По телу искрами бьет ток, а во рту неожиданно пересыхает. Господи. Это просто бедро.

Но оно такое твердое, словно там камень.

Такое же твердое, каким вчера был его питон в душе. А сейчас?

— Проси, да услышан будешь, — шепчет Тимур, наклоняясь, а я облизываю губы. Сама веду рукой ниже, трогаю ту самую коленку. – Не в ту сторону, Оксан. Но я тебя направлю.

Он тянет мою руку выше, пока мы как два соперника на ринге смотрим друг другу в глаза.

Я не вижу его цвет, не вижу, как широко раскрылся зрачок, я лишь вижу отблеск собственного желания, что плещется в крови пузырьками шампанского.

— Так?

— Выше. Не тормози, — тянет меня дальше, чуть сжимая пальцы, пока я наконец не ощущаю сквозь брюки явную выпуклость. Хочу убрать руку, но она в плену.

Он давит сильнее, сжимая челюсти. Просто часто дышит, давит пальцами, словно сломать хочет.

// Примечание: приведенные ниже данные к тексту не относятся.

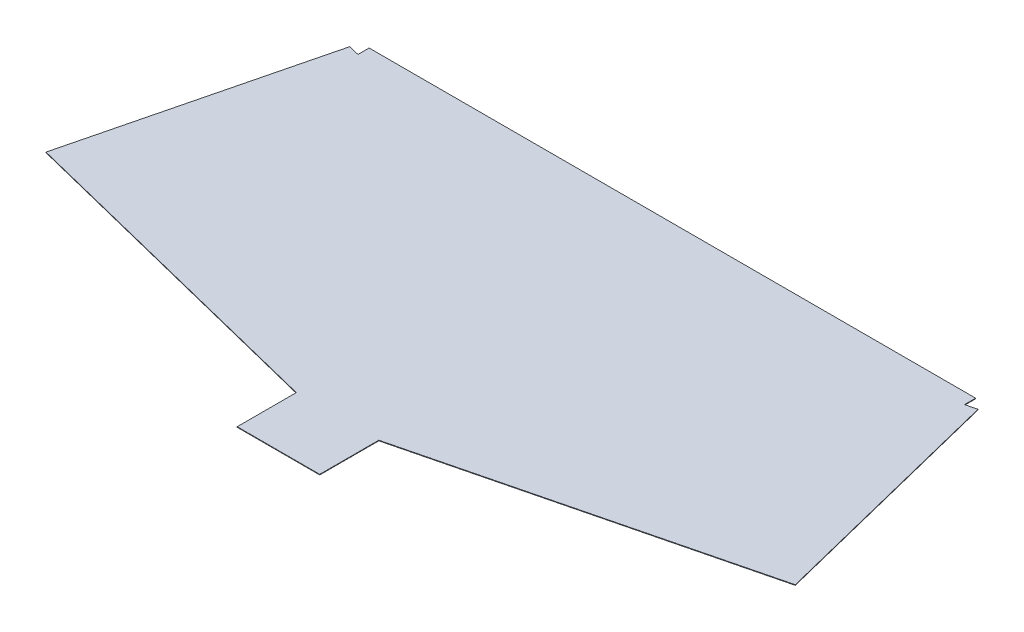
ISO-10303-21;
HEADER;
FILE_DESCRIPTION(('STEP AP214'),'2;1');
FILE_NAME('part.step','',(''),(''),'','','');
FILE_SCHEMA(('AUTOMOTIVE_DESIGN { 1 0 10303 214 1 1 1 1 }'));
ENDSEC;
DATA;
#1=APPLICATION_CONTEXT('core data for automotive mechanical design processes');
#2=APPLICATION_PROTOCOL_DEFINITION('international standard','automotive_design',2000,#1);
#3=PRODUCT_CONTEXT('',#1,'mechanical');
#4=PRODUCT('Part','Part','',(#3));
#5=PRODUCT_RELATED_PRODUCT_CATEGORY('part','',(#4));
#6=PRODUCT_DEFINITION_FORMATION('','',#4);
#7=PRODUCT_DEFINITION_CONTEXT('part definition',#1,'design');
#8=PRODUCT_DEFINITION('design','',#6,#7);
#9=PRODUCT_DEFINITION_SHAPE('','',#8);
#10=(LENGTH_UNIT() NAMED_UNIT(*) SI_UNIT(.MILLI.,.METRE.));
#11=(NAMED_UNIT(*) PLANE_ANGLE_UNIT() SI_UNIT($,.RADIAN.));
#12=(NAMED_UNIT(*) SI_UNIT($,.STERADIAN.) SOLID_ANGLE_UNIT());
#13=UNCERTAINTY_MEASURE_WITH_UNIT(LENGTH_MEASURE(1.E-05),#10,'distance_accuracy_value','');
#14=(GEOMETRIC_REPRESENTATION_CONTEXT(3) GLOBAL_UNCERTAINTY_ASSIGNED_CONTEXT((#13)) GLOBAL_UNIT_ASSIGNED_CONTEXT((#10,
#11,#12)) REPRESENTATION_CONTEXT('',''));
#15=CARTESIAN_POINT('',(0.,0.,0.));
#16=DIRECTION('',(0.,0.,1.));
#17=DIRECTION('',(1.,0.,0.));
#18=AXIS2_PLACEMENT_3D('',#15,#16,#17);
#19=CARTESIAN_POINT('',(-284.309741609456,1.,0.));
#20=DIRECTION('',(1.,0.,0.));
#21=DIRECTION('',(0.,0.,-1.));
#22=AXIS2_PLACEMENT_3D('',#19,#20,#21);
#23=PLANE('',#22);
#24=DIRECTION('',(0.,0.,1.));
#25=VECTOR('',#24,1.);
#26=CARTESIAN_POINT('',(-284.309741609456,0.,0.));
#27=LINE('',#26,#25);
#28=CARTESIAN_POINT('',(-284.309741609456,0.,519.733094859993));
#29=VERTEX_POINT('',#28);
#30=CARTESIAN_POINT('',(-284.309741609456,0.,625.733094859993));
#31=VERTEX_POINT('',#30);
#32=EDGE_CURVE('E163',#29,#31,#27,.T.);
#33=ORIENTED_EDGE('',*,*,#32,.F.);
#34=DIRECTION('',(0.,-1.,0.));
#35=VECTOR('',#34,1.);
#36=CARTESIAN_POINT('',(-284.309741609456,1.,519.733094859993));
#37=LINE('',#36,#35);
#38=CARTESIAN_POINT('',(-284.309741609456,1.,519.733094859993));
#39=VERTEX_POINT('',#38);
#40=EDGE_CURVE('E11',#39,#29,#37,.T.);
#41=ORIENTED_EDGE('',*,*,#40,.F.);
#42=DIRECTION('',(0.,0.,1.));
#43=VECTOR('',#42,1.);
#44=CARTESIAN_POINT('',(-284.309741609456,1.,0.));
#45=LINE('',#44,#43);
#46=CARTESIAN_POINT('',(-284.309741609456,1.,625.733094859993));
#47=VERTEX_POINT('',#46);
#48=EDGE_CURVE('E197',#39,#47,#45,.T.);
#49=ORIENTED_EDGE('',*,*,#48,.T.);
#50=DIRECTION('',(0.,-1.,0.));
#51=VECTOR('',#50,1.);
#52=CARTESIAN_POINT('',(-284.309741609456,1.,625.733094859993));
#53=LINE('',#52,#51);
#54=EDGE_CURVE('E101',#47,#31,#53,.T.);
#55=ORIENTED_EDGE('',*,*,#54,.T.);
#56=EDGE_LOOP('',(#33,#41,#49,#55));
#57=FACE_BOUND('',#56,.T.);
#58=ADVANCED_FACE('F33',(#57),#23,.T.);
#59=CARTESIAN_POINT('',(105.342411563577,1.,422.604757408474));
#60=DIRECTION('',(-0.241868311144223,0.,-0.970309084809702));
#61=DIRECTION('',(-0.970309084809702,0.,0.241868311144223));
#62=AXIS2_PLACEMENT_3D('',#59,#60,#61);
#63=PLANE('',#62);
#64=DIRECTION('',(0.970309084809702,0.,-0.241868311144223));
#65=VECTOR('',#64,1.);
#66=CARTESIAN_POINT('',(105.342411563577,0.,422.604757408474));
#67=LINE('',#66,#65);
#68=CARTESIAN_POINT('',(294.379685643796,0.,375.483559698512));
#69=VERTEX_POINT('',#68);
#70=EDGE_CURVE('E166',#29,#69,#67,.T.);
#71=ORIENTED_EDGE('',*,*,#70,.T.);
#72=DIRECTION('',(0.,-1.,0.));
#73=VECTOR('',#72,1.);
#74=CARTESIAN_POINT('',(294.379685643796,1.,375.483559698512));
#75=LINE('',#74,#73);
#76=CARTESIAN_POINT('',(294.379685643796,1.,375.483559698512));
#77=VERTEX_POINT('',#76);
#78=EDGE_CURVE('E41',#77,#69,#75,.T.);
#79=ORIENTED_EDGE('',*,*,#78,.F.);
#80=DIRECTION('',(0.970309084809702,0.,-0.241868311144223));
#81=VECTOR('',#80,1.);
#82=CARTESIAN_POINT('',(105.342411563577,1.,422.604757408474));
#83=LINE('',#82,#81);
#84=EDGE_CURVE('E244',#39,#77,#83,.T.);
#85=ORIENTED_EDGE('',*,*,#84,.F.);
#86=ORIENTED_EDGE('',*,*,#40,.T.);
#87=EDGE_LOOP('',(#71,#79,#85,#86));
#88=FACE_BOUND('',#87,.T.);
#89=ADVANCED_FACE('F271',(#88),#63,.F.);
#90=CARTESIAN_POINT('',(105.249479480594,1.,422.588179978576));
#91=DIRECTION('',(-0.241676330590973,0.,-0.970356919505438));
#92=DIRECTION('',(-0.970356919505438,0.,0.241676330590973));
#93=AXIS2_PLACEMENT_3D('',#90,#91,#92);
#94=PLANE('',#93);
#95=DIRECTION('',(0.970356919505438,0.,-0.241676330590973));
#96=VECTOR('',#95,1.);
#97=CARTESIAN_POINT('',(105.249479480594,0.,422.588179978576));
#98=LINE('',#97,#96);
#99=CARTESIAN_POINT('',(313.786824033904,0.,370.650033086692));
#100=VERTEX_POINT('',#99);
#101=EDGE_CURVE('E168',#69,#100,#98,.T.);
#102=ORIENTED_EDGE('',*,*,#101,.T.);
#103=DIRECTION('',(0.,-1.,0.));
#104=VECTOR('',#103,1.);
#105=CARTESIAN_POINT('',(313.786824033904,1.,370.650033086692));
#106=LINE('',#105,#104);
#107=CARTESIAN_POINT('',(313.786824033904,1.,370.650033086692));
#108=VERTEX_POINT('',#107);
#109=EDGE_CURVE('E216',#108,#100,#106,.T.);
#110=ORIENTED_EDGE('',*,*,#109,.F.);
#111=DIRECTION('',(0.970356919505438,0.,-0.241676330590973));
#112=VECTOR('',#111,1.);
#113=CARTESIAN_POINT('',(105.249479480594,1.,422.588179978576));
#114=LINE('',#113,#112);
#115=EDGE_CURVE('E225',#77,#108,#114,.T.);
#116=ORIENTED_EDGE('',*,*,#115,.F.);
#117=ORIENTED_EDGE('',*,*,#78,.T.);
#118=EDGE_LOOP('',(#102,#110,#116,#117));
#119=FACE_BOUND('',#118,.T.);
#120=ADVANCED_FACE('F223',(#119),#94,.F.);
#121=CARTESIAN_POINT('',(208.53734455331,1.,-51.9381468918841));
#122=DIRECTION('',(-0.970356919505438,0.,0.241676330590974));
#123=DIRECTION('',(0.241676330590974,0.,0.970356919505438));
#124=AXIS2_PLACEMENT_3D('',#121,#122,#123);
#125=PLANE('',#124);
#126=DIRECTION('',(-0.241676330590974,0.,-0.970356919505438));
#127=VECTOR('',#126,1.);
#128=CARTESIAN_POINT('',(208.53734455331,0.,-51.9381468918841));
#129=LINE('',#128,#127);
#130=CARTESIAN_POINT('',(205.097396780653,0.,-65.7499137114679));
#131=VERTEX_POINT('',#130);
#132=EDGE_CURVE('E170',#100,#131,#129,.T.);
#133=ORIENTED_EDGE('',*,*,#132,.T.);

— Пальцами обхвати, — головой качаю, а он пальцами другой руки в щеки впивается, шепчет прямо в губы, дыханием сладким обдает, словно чаем горячим. – Обхвати, попроси меня достань его. Для тебя.

Пьянею кажется сильнее.

От прикосновений.

От голоса. От близости.

От пульсации, что щекочет кожу ладони.

Обхватываю пальцами, почти полностью, чувствую, как дергается от этого, как вибрирует, как меня саму дрожать заставляет.

Тимур морщится, словно ему больно.

— Тебе неприятно…

— Блять, нет, — убирает руку от лица, тянет внизу, копаясь в собственном ремне. Другой рукой мою держит, не дает убрать, в глаза смотреть продолжает, словно сетчатку хочет выжечь, словно след свой на мне оставить.

Я ахаю, стоит коже коснуться чего – то гладкого и твердого, словно дверную руку обернули шелком. Горячим влажным шелком.

— Вот так, сильнее, просто, блять, сжимай его. Води вверх вниз.

— А если сломаю?

Он выдыхает воздух и приближает губы, сокращая расстояние до жалких миллиметров.

— Попробуй, Оксан, сломай, — накрывает мой рот, проникая языком, буквально снося в мозгу остатки вопросов и запретов, вызывая дикое желание остаться в этом моменте как можно дольше.

Целоваться так словно душами обмениваться.

Трогать так, словно мне принадлежит.

Ехать и ехать в бесконечное удовольствие, от которого бурлит кровь и плавятся мозги.

И в тишине салона только внутренний голос восторженным визгом «Да! Да! Да! Еще! Еще!

— Приехали, — почти убивает меня водитель, а Тимур выругивается, убирая мою руку и застегивая ширинку. Хватает меня за ладонь и просто выволакивает из машины. Прохлада вечера остужает пыл, но только пока мы не оказываемся в лифте.

Тимур просто бросается на меня коброй, придавливая к металлической стене, стягивая ягодицы пальцами, причиняя боль.

Но я лишь мычу ему в рот, накрывая шапку из волос, словно интуитивно зная, как нужно делать.

Двери лифта открываются, и я оказываюсь в воздухе. Тимур легко несет меня из лифта, а мне остается только обхватить ногами его торс и держаться, чтобы не грохнуться голой задницей в собственном подъезде.

— Если кто – то увидит, — врывается непрошенная мысль

— Тебя все равно никто не узнает, — хрипит Тимур, открывая собственную дверь и наконец впихивая меня внутрь. Закрывает на щелчок замок и ко мне поворачивается. Именно в этот момент звонит телефон.

Я разочарованно стону, потому что на экране муж.

Точно, это же все, чтобы вернуть мужа, да?

Не ради собственного удовольствия, а чтобы познать, как нужно доставлять радость ему.

— Не отвечать, наверное? — спрашиваю с надеждой, сама еще неготовая принять решение. — Сейчас разборки будут.

Тимур вместо того, чтобы отобрать мой телефон или закончить наш вечер вдруг берется за верхние пуговицы своей рубашки и расстегивает их.